Contemporary art often neglects the importance of last two things (emotional input and execution) and rides alone on reflecting methodology, falling more and more in to pure concepts of art. Contemporary musicians often fall into tech, becoming amazing virtuoso, but forgetting about emotional input. And we have the whole generation of amazing producers with incredible execution, but their music often have no concept or idea, but rather a theme or a genre, and, because of sampling - have "strange artificial like" emotions. That is specially present a lot in modern pop music.

My latest obsession is: Nodal patterns and Chladni`s Figures. You know how some producers have fun with taking pictures and make music out of it: draw pictures with pianorolls or even input pictures in spectrograph. I didn't dive mentally into that yet, but I think (thinking reverse) one can execute sounds from any picture with this idea as well. And unlike artificially inserted pictures, this one actually will hold a scientific value to that, reflecting one of the natural links between graphics and sounds. Lay out, say Mona Lisa, with lines on the plate and reverse the effect and see how it sounds like.
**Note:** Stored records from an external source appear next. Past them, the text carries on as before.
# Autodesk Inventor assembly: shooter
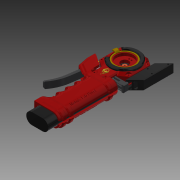
[picture p0: Inventor's stored thumbnail of the model, 180x180]
Saved by Autodesk Inventor 2018 (Build 220112000, 112)
## iProperties
Created: 2019-02-20
Part Number: shooter
Material: 一般
Document SubType Name: Assembly
Designer: ku_sk
Author: ku_sk
## Documents named in this file (14)
- E:\windows\InventorProjects\BayBlade_Launcher\Launcher.iam
- E:\windows\InventorProjects\BayBlade_Launcher\parts\bay conect.ipt
- E:\windows\InventorProjects\BayBlade_Launcher\parts\gear.ipt
- E:\windows\InventorProjects\BayBlade_Launcher\parts\undercover.ipt
- E:\windows\InventorProjects\BayBlade_Launcher\parts\bearing.ipt
- E:\windows\InventorProjects\BayBlade_Launcher\parts\battery.ipt
- E:\windows\InventorProjects\BayBlade_Launcher\parts\brake.ipt
- E:\windows\InventorProjects\BayBlade_Launcher\parts\bar.ipt
- E:\windows\InventorProjects\BayBlade_Launcher\parts\switch.ipt
- E:\windows\InventorProjects\BayBlade_Launcher\parts\joint.ipt
- E:\windows\InventorProjects\BayBlade_Launcher\parts\circuitcover.ipt
- E:\windows\InventorProjects\BayBlade_Launcher\parts\circuitcover1.ipt
- E:\windows\InventorProjects\BayBlade_Launcher\parts\pushbar.ipt
- E:\windows\InventorProjects\BayBlade_Launcher\parts\toptest.iam
## Components (16 placed, 13 different names)
1. bay conect:1 — メイト:1, フラッシュ:1, メイト:2, メイト:3, メイト:7, メイト:8, メイト:9, メイト:13
2. gear:1 — メイト:2, メイト:3
3. undercover:1 — フラッシュ:3, メイト:7, フラッシュ:4, メイト:12, メイト:14, 正接:1, メイト:22, メイト:28, 角度:1, メイト:29, メイト:30, メイト:32, メイト:33, メイト:34, フラッシュ:10, メイト:40, フラッシュ:11
4. bearing:1 — メイト:8, メイト:9, フラッシュ:4
5. battery:1 — メイト:28, 角度:1, メイト:29, メイト:33
6. bar:1 — メイト:13, メイト:14, メイト:15, メイト:24, メイト:41
7. joint:1 — メイト:24, メイト:25
8. circuitcover:1 — メイト:30, メイト:32, メイト:34, メイト:35, フラッシュ:8, フラッシュ:9
9. circuitcover1:1 — メイト:35, フラッシュ:8, フラッシュ:9
10. switch:1 — メイト:22, メイト:25, フラッシュ:10, メイト:37, メイト:38, メイト:39
11. pushbar:1 — メイト:37, メイト:38, メイト:39
12. toptest:1 [sub-assembly] — メイト:40, メイト:41, フラッシュ:11
13. brake:1 — メイト:12, メイト:15, 正接:1
14. brake:2
15. brake:3
16. brake:4
## Component patterns: (4 elements, first: brake:1)
## Relationships (34: Mate 25, Flush 7, Tangent 1, Angle 1)
- メイト:1 [Mate]: bay conect:1
- フラッシュ:1 [Flush]: bay conect:1
- メイト:2 [Mate]: bay conect:1 ↔ gear:1
- メイト:3 [Mate]: bay conect:1 ↔ gear:1
- フラッシュ:3 [Flush]: undercover:1
- メイト:7 [Mate]: bay conect:1 ↔ undercover:1
- メイト:8 [Mate]: bay conect:1 ↔ bearing:1
- メイト:9 [Mate]: bay conect:1 ↔ bearing:1
- フラッシュ:4 [Flush]: undercover:1 ↔ bearing:1
- メイト:12 [Mate] (1.75 mm): undercover:1 ↔ brake:1
- メイト:13 [Mate]: bay conect:1 ↔ bar:1
- メイト:14 [Mate]: undercover:1 ↔ bar:1
- メイト:15 [Mate]: bar:1 ↔ brake:1
- 正接:1 [Tangent]: undercover:1 ↔ brake:1
- メイト:22 [Mate] (0.5 mm): undercover:1 ↔ switch:1
- メイト:24 [Mate]: bar:1 ↔ joint:1
- メイト:25 [Mate]: joint:1 ↔ switch:1
- メイト:28 [Mate]: undercover:1 ↔ battery:1
- 角度:1 [Angle] (0 deg): undercover:1 ↔ battery:1
- メイト:29 [Mate] (-0.5 mm): undercover:1 ↔ battery:1
- メイト:30 [Mate]: undercover:1 ↔ circuitcover:1
- メイト:32 [Mate]: undercover:1 ↔ circuitcover:1
- メイト:33 [Mate] (0.5 mm): undercover:1 ↔ battery:1
- メイト:34 [Mate]: undercover:1 ↔ circuitcover:1
- メイト:35 [Mate]: circuitcover:1 ↔ circuitcover1:1
- フラッシュ:8 [Flush]: circuitcover:1 ↔ circuitcover1:1
- フラッシュ:9 [Flush]: circuitcover:1 ↔ circuitcover1:1
- フラッシュ:10 [Flush] (4.5 mm): undercover:1 ↔ switch:1
- メイト:37 [Mate]: switch:1 ↔ pushbar:1
- メイト:38 [Mate]: switch:1 ↔ pushbar:1
- メイト:39 [Mate]: switch:1 ↔ pushbar:1
- メイト:40 [Mate]: undercover:1 ↔ toptest:1
- メイト:41 [Mate]: bar:1 ↔ toptest:1
- フラッシュ:11 [Flush]: undercover:1 ↔ toptest:1
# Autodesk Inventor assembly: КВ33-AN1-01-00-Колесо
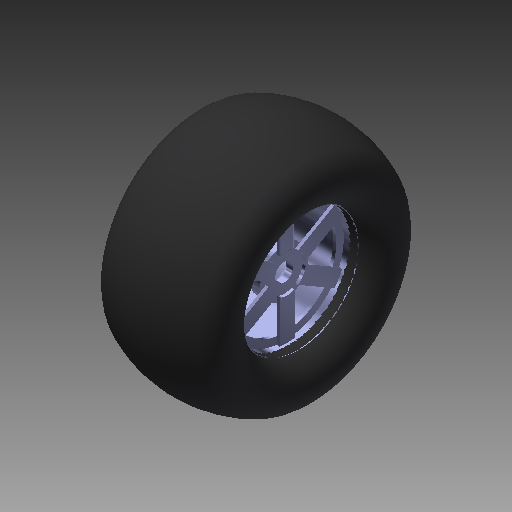
[picture p0: Inventor's stored thumbnail of the model, 512x512]
Saved by Autodesk Inventor 2018 (Build 220112000, 112)
## iProperties
Part Number: КВ33-AN1-01-00-Колесо
Material: Типовые
Document SubType Name: Assembly
Designer: sbnnl
Author: sbnnl
## Documents named in this file (3)
- D:\Загрузки\IMMO\01-00-Колесо.iam
- D:\Загрузки\IMMO\01-02-Диск.ipt
- D:\Загрузки\IMMO\01-01-Шина.ipt
## Components (2 placed, 2 different names)
1. 01-01-Шина:1 — Совмещение:1
2. 01-02-Диск:1 — Совмещение:1
## Relationships (1: Mate 1)
- Совмещение:1 [Mate]: 01-01-Шина:1 ↔ 01-02-Диск:1

Or the opposite: play some random sounds, see what you can draw with it (of course will need some software to adj the positions and directions of the lines, so it will make some sense of sort). I even wonder if, lets say we spread some dust stuff inside of transparant cube filled with some gel that will allow dust to take positions and expose the cube to sound with different tones (expose it to music basically) and see what forms (sculptures) it will make then and the reverse - make a scan of the sculptures with simple 3D scanner and go make some crazy music out of that. You can have a little look in possible math here: https://www.researchgate.net/profil...Revisited-A-Peek-Into-The-Third-Dimension.pdf

One practical use for all of this thoughts might be: light show set up during the performance, as an example. Not at all hard to execute. Need to think about time frames somehow - we do not want public to go away with the headache of course :D Or how about "Concerto for orchestra and solo 3D Printer"? Of course after the concert mini copies of produced art available for purchase :D (one must think of income as well!).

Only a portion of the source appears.